Exercise objective | Select, from the data, each line where "ezdxf" occurs.
══════════
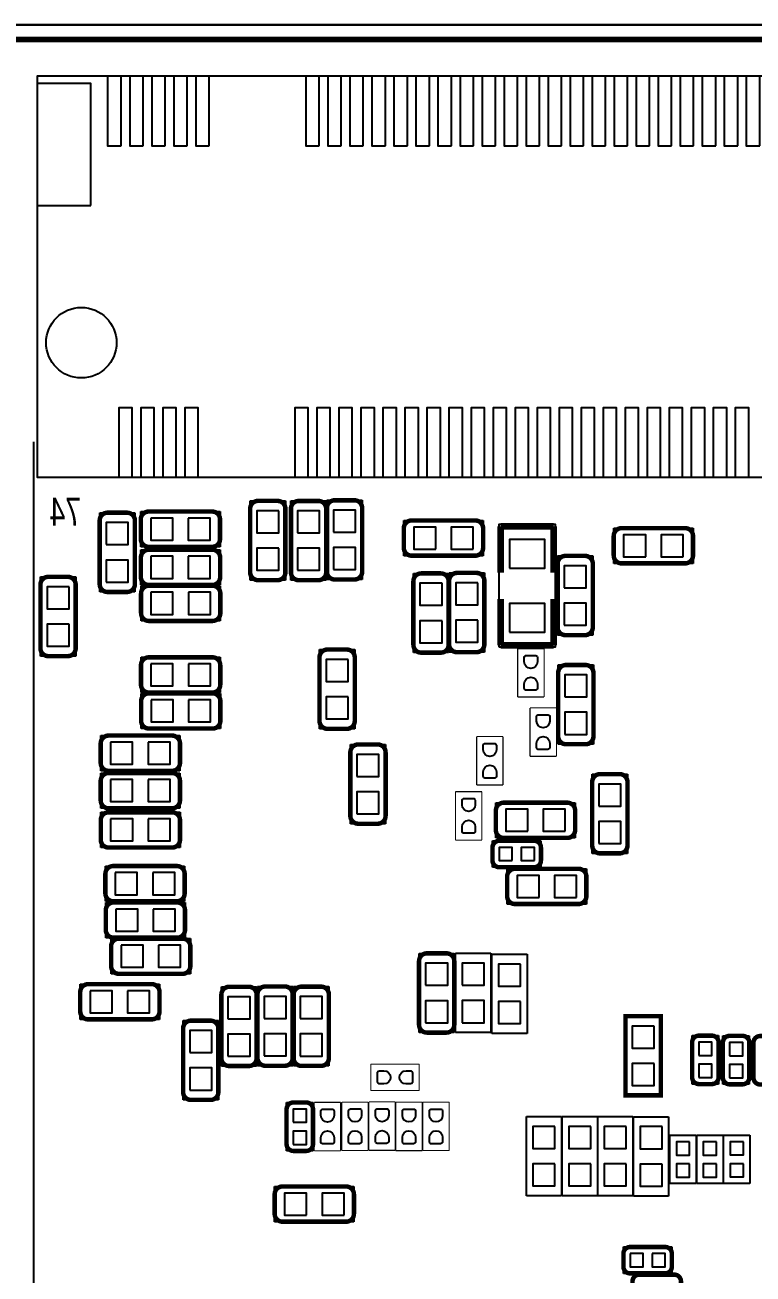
# Model space of a CAD drawing. Extents: x -15 to 159, y -25 to 93.
# Drawn here: x -1.5 to 15.03, y 40.31 to 68.67 of the extents above; entities that cross this region are included whole.
import ezdxf
from ezdxf.enums import TextEntityAlignment as Align

# ---------------------------------------------------------------- set-up
doc = ezdxf.new("R2010")
doc.units = 0
for name, color, linetype in [('BG_OUTLINE', 200, 'CONTINUOUS'), ('PG_ASSEMBLY_BOTTOM', 2, 'CONTINUOUS'), ('PG_SILKSCREEN_BOTTOM', 120, 'CONTINUOUS'), ('PIN_BOTTOM', 172, 'CONTINUOUS')]:
    doc.layers.add(name, color=color, linetype=linetype)

msp = doc.modelspace()

# ---------------------------------------------------------------- linework, layer by layer
at = {"layer": 'BG_OUTLINE'}
msp.add_lwpolyline([(41.056814, 66.641218, 0.414214), (39.024814, 68.673218), (-4.049776, 68.673218), (-4.049776, 67.422014), (-10.151872, 67.422014), (-10.151872, 68.673218), (-12.911328, 68.673218, 0.414214), (-14.943328, 66.641218), (-14.943328, -18.358866, 0.414214), (-12.911328, -20.390866), (39.024814, -20.390866, 0.414214), (41.056814, -18.358866), (41.056814, 66.641218)], format="xyb", dxfattribs=at)
msp.add_lwpolyline([(41.056814, -18.358866, -0.414214), (39.024814, -20.390866), (-12.911328, -20.390866, -0.414214), (-14.943328, -18.358866), (-14.943328, 66.641218, -0.414214), (-12.911328, 68.673218), (-10.151872, 68.673218), (-10.151872, 67.422014), (-4.049776, 67.422014), (-4.049776, 68.673218), (39.024814, 68.673218, -0.414214), (41.056814, 66.641218)], format="xyb", close=True, dxfattribs=at)
msp.add_lwpolyline([(-4.049776, 68.673218), (39.024814, 68.673218)], dxfattribs=at)
msp.add_lwpolyline([(-4.049776, 68.673218), (39.024814, 68.673218)], dxfattribs=at)
msp.add_lwpolyline([(-4.049776, 68.673218), (39.024814, 68.673218)], dxfattribs=at)
at = {"layer": 'PG_ASSEMBLY_BOTTOM'}
for points in [[(-1.221232, 66.706496), (-1.221232, 58.407808), (20.778724, 58.407808), (20.778724, 67.507612), (-1.221232, 67.507612), (-1.221232, 66.706496)], [(3.611626, 56.06669), (3.611626, 57.866534)], [(3.611626, 57.866534), (4.411726, 57.866534)], [(4.411726, 57.866534), (4.411726, 56.06669)], [(4.537456, 56.065928), (4.537456, 57.865772)], [(4.537456, 57.865772), (5.337556, 57.865772)], [(5.337556, 57.865772), (5.337556, 56.065928)], [(5.354828, 56.081168), (5.354828, 57.881012)], [(5.354828, 57.881012), (6.154928, 57.881012)], [(6.154928, 57.881012), (6.154928, 56.081168)], [(0.195326, 55.79872), (0.195326, 57.598564)], [(0.195326, 57.598564), (0.995426, 57.598564)], [(0.995426, 57.598564), (0.995426, 55.79872)], [(1.128268, 57.624218), (2.928112, 57.624218)], [(1.128268, 56.824118), (1.128268, 57.624218)], [(2.928112, 57.624218), (2.928112, 56.824118)], [(7.100824, 56.622442), (7.100824, 57.422542)], [(7.100824, 57.422542), (8.900668, 57.422542)], [(8.900668, 57.422542), (8.900668, 56.622442)], [(11.866372, 56.447944), (11.866372, 57.248044)], [(11.866372, 57.248044), (13.666216, 57.248044)], [(13.666216, 57.248044), (13.666216, 56.447944)], [(2.928112, 56.824118), (1.128268, 56.824118)], [(1.130554, 56.758078), (2.930398, 56.758078)], [(1.130554, 55.957978), (1.130554, 56.758078)], [(2.930398, 56.758078), (2.930398, 55.957978)], [(8.900668, 56.622442), (7.100824, 56.622442)], [(10.592054, 54.81828), (10.592054, 56.618124)], [(10.592054, 56.618124), (11.392154, 56.618124)], [(11.392154, 56.618124), (11.392154, 54.81828)], [(13.666216, 56.447944), (11.866372, 56.447944)], [(7.31774, 54.42077), (7.31774, 56.220614)], [(7.31774, 56.220614), (8.11784, 56.220614)], [(8.11784, 56.220614), (8.11784, 54.42077)], [(8.12927, 54.431438), (8.12927, 56.231282)], [(8.12927, 56.231282), (8.92937, 56.231282)], [(8.92937, 56.231282), (8.92937, 54.431438)], [(-1.149604, 54.342284), (-1.149604, 56.142128)], [(-1.149604, 56.142128), (-0.349504, 56.142128)], [(-0.349504, 56.142128), (-0.349504, 54.342284)], [(2.930398, 55.957978), (1.130554, 55.957978)], [(1.134618, 55.940706), (2.934462, 55.940706)], [(1.134618, 55.140606), (1.134618, 55.940706)], [(2.934462, 55.940706), (2.934462, 55.140606)], [(4.411726, 56.06669), (3.611626, 56.06669)], [(5.337556, 56.065928), (4.537456, 56.065928)], [(6.154928, 56.081168), (5.354828, 56.081168)], [(0.995426, 55.79872), (0.195326, 55.79872)], [(2.934462, 55.140606), (1.134618, 55.140606)], [(11.392154, 54.81828), (10.592054, 54.81828)], [(5.186426, 52.69103), (5.186426, 54.490874)], [(5.186426, 54.490874), (5.986526, 54.490874)], [(5.986526, 54.490874), (5.986526, 52.69103)], [(-0.349504, 54.342284), (-1.149604, 54.342284)], [(1.133348, 54.314852), (2.933192, 54.314852)], [(1.133348, 53.514752), (1.133348, 54.314852)], [(2.933192, 54.314852), (2.933192, 53.514752)], [(8.11784, 54.42077), (7.31774, 54.42077)], [(8.92937, 54.431438), (8.12927, 54.431438)], [(10.605516, 52.340764), (10.605516, 54.140608)], [(10.605516, 54.140608), (11.405616, 54.140608)], [(11.405616, 54.140608), (11.405616, 52.340764)], [(2.933192, 53.514752), (1.133348, 53.514752)], [(1.136142, 53.496972), (2.935986, 53.496972)], [(1.136142, 52.696872), (1.136142, 53.496972)], [(2.935986, 53.496972), (2.935986, 52.696872)], [(0.21844, 52.537614), (2.018284, 52.537614)], [(0.21844, 51.737514), (0.21844, 52.537614)], [(2.935986, 52.696872), (1.136142, 52.696872)], [(2.018284, 52.537614), (2.018284, 51.737514)], [(5.986526, 52.69103), (5.186426, 52.69103)], [(5.886704, 50.53584), (5.886704, 52.335684)], [(5.886704, 52.335684), (6.686804, 52.335684)], [(6.686804, 52.335684), (6.686804, 50.53584)], [(11.405616, 52.340764), (10.605516, 52.340764)], [(2.018284, 51.737514), (0.21844, 51.737514)], [(0.21844, 51.687222), (2.018284, 51.687222)], [(0.21844, 50.887122), (0.21844, 51.687222)], [(2.018284, 51.687222), (2.018284, 50.887122)], [(11.378184, 49.862994), (11.378184, 51.662838)], [(11.378184, 51.662838), (12.178284, 51.662838)], [(12.178284, 51.662838), (12.178284, 49.862994)], [(2.018284, 50.887122), (0.21844, 50.887122)], [(0.219202, 50.795174), (2.019046, 50.795174)], [(0.219202, 49.995074), (0.219202, 50.795174)], [(2.019046, 50.795174), (2.019046, 49.995074)], [(9.190228, 50.213768), (9.190228, 51.013868)], [(9.190228, 51.013868), (10.990072, 51.013868)], [(10.990072, 51.013868), (10.990072, 50.213768)], [(6.686804, 50.53584), (5.886704, 50.53584)], [(10.990072, 50.213768), (9.190228, 50.213768)], [(2.019046, 49.995074), (0.219202, 49.995074)], [(9.113774, 49.548796), (9.113774, 50.148744)], [(9.113774, 50.148744), (10.213594, 50.148744)], [(10.213594, 50.148744), (10.213594, 49.548796)], [(12.178284, 49.862994), (11.378184, 49.862994)], [(0.324612, 49.575466), (2.124456, 49.575466)], [(0.324612, 48.775366), (0.324612, 49.575466)], [(2.124456, 49.575466), (2.124456, 48.775366)], [(10.213594, 49.548796), (9.113774, 49.548796)], [(9.446006, 48.712882), (9.446006, 49.512982)], [(9.446006, 49.512982), (11.24585, 49.512982)], [(11.24585, 49.512982), (11.24585, 48.712882)], [(2.124456, 48.775366), (0.324612, 48.775366)], [(0.333248, 48.748696), (2.133092, 48.748696)], [(0.333248, 47.948596), (0.333248, 48.748696)], [(2.133092, 48.748696), (2.133092, 47.948596)], [(11.24585, 48.712882), (9.446006, 48.712882)], [(2.133092, 47.948596), (0.333248, 47.948596)], [(0.454406, 47.927768), (2.25425, 47.927768)], [(0.454406, 47.127668), (0.454406, 47.927768)], [(2.25425, 47.927768), (2.25425, 47.127668)], [(7.446264, 45.793152), (7.446264, 47.592996)], [(7.446264, 47.592996), (8.246364, 47.592996)], [(8.246364, 47.592996), (8.246364, 45.793152)], [(8.273542, 45.793914), (8.273542, 47.593758)], [(8.273542, 47.593758), (9.073642, 47.593758)], [(9.073642, 47.593758), (9.073642, 45.793914)], [(9.098534, 45.775626), (9.098534, 47.57547)], [(9.098534, 47.57547), (9.898634, 47.57547)], [(9.898634, 47.57547), (9.898634, 45.775626)], [(2.25425, 47.127668), (0.454406, 47.127668)], [(-0.245872, 46.893734), (1.553972, 46.893734)], [(-0.245872, 46.093634), (-0.245872, 46.893734)], [(1.553972, 46.893734), (1.553972, 46.093634)], [(2.958338, 45.0342), (2.958338, 46.834044)], [(2.958338, 46.834044), (3.758438, 46.834044)], [(3.758438, 46.834044), (3.758438, 45.0342)], [(3.777742, 45.040296), (3.777742, 46.84014)], [(3.777742, 46.84014), (4.577842, 46.84014)], [(4.577842, 46.84014), (4.577842, 45.040296)], [(4.598924, 45.036994), (4.598924, 46.836838)], [(4.598924, 46.836838), (5.399024, 46.836838)], [(5.399024, 46.836838), (5.399024, 45.036994)], [(1.553972, 46.093634), (-0.245872, 46.093634)], [(2.089658, 44.26458), (2.089658, 46.064424)], [(2.089658, 46.064424), (2.889758, 46.064424)], [(2.889758, 46.064424), (2.889758, 44.26458)], [(12.134342, 44.367958), (12.134342, 46.167802)], [(12.134342, 46.167802), (12.934442, 46.167802)], [(12.934442, 46.167802), (12.934442, 44.367958)], [(8.246364, 45.793152), (7.446264, 45.793152)], [(9.073642, 45.793914), (8.273542, 45.793914)], [(9.898634, 45.775626), (9.098534, 45.775626)], [(13.64742, 44.624498), (13.64742, 45.724318)], [(13.64742, 45.724318), (14.247368, 45.724318)], [(14.247368, 45.724318), (14.247368, 44.624498)], [(14.34465, 44.619164), (14.34465, 45.718984)], [(14.34465, 45.718984), (14.944598, 45.718984)], [(14.944598, 45.718984), (14.944598, 44.619164)], [(3.758438, 45.0342), (2.958338, 45.0342)], [(4.577842, 45.040296), (3.777742, 45.040296)], [(5.399024, 45.036994), (4.598924, 45.036994)], [(14.247368, 44.624498), (13.64742, 44.624498)], [(14.944598, 44.619164), (14.34465, 44.619164)], [(2.889758, 44.26458), (2.089658, 44.26458)], [(12.934442, 44.367958), (12.134342, 44.367958)], [(4.438904, 43.106086), (4.438904, 44.205906)], [(4.438904, 44.205906), (5.038852, 44.205906)], [(5.038852, 44.205906), (5.038852, 43.106086)], [(9.882124, 42.089578), (9.882124, 43.889422)], [(9.882124, 43.889422), (10.682224, 43.889422)], [(10.682224, 43.889422), (10.682224, 42.089578)], [(10.696448, 42.089578), (10.696448, 43.889422)], [(10.696448, 43.889422), (11.496548, 43.889422)], [(11.496548, 43.889422), (11.496548, 42.089578)], [(11.502136, 42.089324), (11.502136, 43.889168)], [(11.502136, 43.889168), (12.302236, 43.889168)], [(12.302236, 43.889168), (12.302236, 42.089324)], [(12.312904, 42.08272), (12.312904, 43.882564)], [(12.312904, 43.882564), (13.113004, 43.882564)], [(13.113004, 43.882564), (13.113004, 42.08272)], [(13.140182, 42.363136), (13.140182, 43.462956)], [(13.140182, 43.462956), (13.74013, 43.462956)], [(13.74013, 43.462956), (13.74013, 42.363136)], [(13.75029, 42.363136), (13.75029, 43.462956)], [(13.75029, 43.462956), (14.350238, 43.462956)], [(14.350238, 43.462956), (14.350238, 42.363136)], [(14.360144, 42.365422), (14.360144, 43.465242)], [(14.360144, 43.465242), (14.960092, 43.465242)], [(14.960092, 43.465242), (14.960092, 42.365422)], [(5.038852, 43.106086), (4.438904, 43.106086)], [(4.16814, 41.499028), (4.16814, 42.299128)], [(4.16814, 42.299128), (5.967984, 42.299128)], [(5.967984, 42.299128), (5.967984, 41.499028)], [(13.74013, 42.363136), (13.140182, 42.363136)], [(14.350238, 42.363136), (13.75029, 42.363136)], [(14.960092, 42.365422), (14.360144, 42.365422)], [(10.682224, 42.089578), (9.882124, 42.089578)], [(11.496548, 42.089578), (10.696448, 42.089578)], [(12.302236, 42.089324), (11.502136, 42.089324)], [(13.113004, 42.08272), (12.312904, 42.08272)], [(5.967984, 41.499028), (4.16814, 41.499028)], [(12.086336, 40.925496), (13.186156, 40.925496)], [(12.086336, 40.325548), (12.086336, 40.925496)], [(13.186156, 40.925496), (13.186156, 40.325548)], [(13.186156, 40.325548), (12.086336, 40.325548)]]:
    msp.add_lwpolyline(points, dxfattribs=at)
msp.add_lwpolyline([(20.853654, 59.208416), (20.853654, -16.9418), (12.528804, -16.9418), (12.528804, -16.941546, 1), (7.028688, -16.941546), (7.028688, -16.9418), (-1.296162, -16.9418), (-1.296162, 59.208416)], format="xyb", dxfattribs=at)
msp.add_lwpolyline([(9.266936, 54.541674), (9.266936, 57.335674), (10.536936, 57.335674), (10.536936, 54.541674)], close=True, dxfattribs=at)
at = {"layer": 'PG_ASSEMBLY_BOTTOM', "const_width": 0.0254}
for points in [[(10.28573, 54.512464), (9.685782, 54.512464)], [(9.685782, 54.512464), (9.685782, 53.412644)], [(10.28573, 53.412644), (10.28573, 54.512464)], [(9.685782, 53.412644), (10.28573, 53.412644)], [(10.564876, 53.167026), (9.964928, 53.167026)], [(9.964928, 53.167026), (9.964928, 52.067206)], [(10.564876, 52.067206), (10.564876, 53.167026)], [(8.753094, 52.515008), (8.753094, 51.415188)], [(9.353042, 52.515008), (8.753094, 52.515008)], [(9.353042, 51.415188), (9.353042, 52.515008)], [(9.964928, 52.067206), (10.564876, 52.067206)], [(8.753094, 51.415188), (9.353042, 51.415188)], [(8.87349, 51.265074), (8.273542, 51.265074)], [(8.273542, 51.265074), (8.273542, 50.165254)], [(8.87349, 50.165254), (8.87349, 51.265074)], [(8.273542, 50.165254), (8.87349, 50.165254)], [(7.450074, 45.07738), (6.350254, 45.07738)], [(6.350254, 45.07738), (6.350254, 44.477432)], [(7.450074, 44.477432), (7.450074, 45.07738)], [(6.350254, 44.477432), (7.450074, 44.477432)], [(5.66674, 44.20997), (5.066792, 44.20997)], [(5.066792, 44.20997), (5.066792, 43.11015)], [(5.66674, 43.11015), (5.66674, 44.20997)], [(6.293104, 44.215304), (5.693156, 44.215304)], [(5.693156, 44.215304), (5.693156, 43.115484)], [(6.293104, 43.115484), (6.293104, 44.215304)], [(6.906514, 44.220384), (6.306566, 44.220384)], [(6.306566, 44.220384), (6.306566, 43.120564)], [(6.906514, 43.120564), (6.906514, 44.220384)], [(7.517892, 44.213272), (6.917944, 44.213272)], [(6.917944, 44.213272), (6.917944, 43.113452)], [(7.517892, 43.113452), (7.517892, 44.213272)], [(8.131556, 44.21378), (7.531608, 44.21378)], [(7.531608, 44.21378), (7.531608, 43.11396)], [(8.131556, 43.11396), (8.131556, 44.21378)], [(5.066792, 43.11015), (5.66674, 43.11015)], [(5.693156, 43.115484), (6.293104, 43.115484)], [(6.306566, 43.120564), (6.906514, 43.120564)], [(6.917944, 43.113452), (7.517892, 43.113452)], [(7.531608, 43.11396), (8.131556, 43.11396)]]:
    msp.add_lwpolyline(points, dxfattribs=at)
at = {"layer": 'PG_SILKSCREEN_BOTTOM'}
for points, const_width in [([(7.492238, -17.68729), (-2.057654, -17.68729), (-2.057654, 68.34251), (21.513546, 68.34251), (21.513546, 68.29171)], 0.127), ([(9.301988, 57.288684), (9.301988, 56.238648)], 0.150114), ([(10.501884, 57.288684), (9.301988, 57.288684)], 0.150114), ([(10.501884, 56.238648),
══════════
Completed exercise |
import ezdxf
from ezdxf.enums import TextEntityAlignment as Align
doc = ezdxf.new("R2010")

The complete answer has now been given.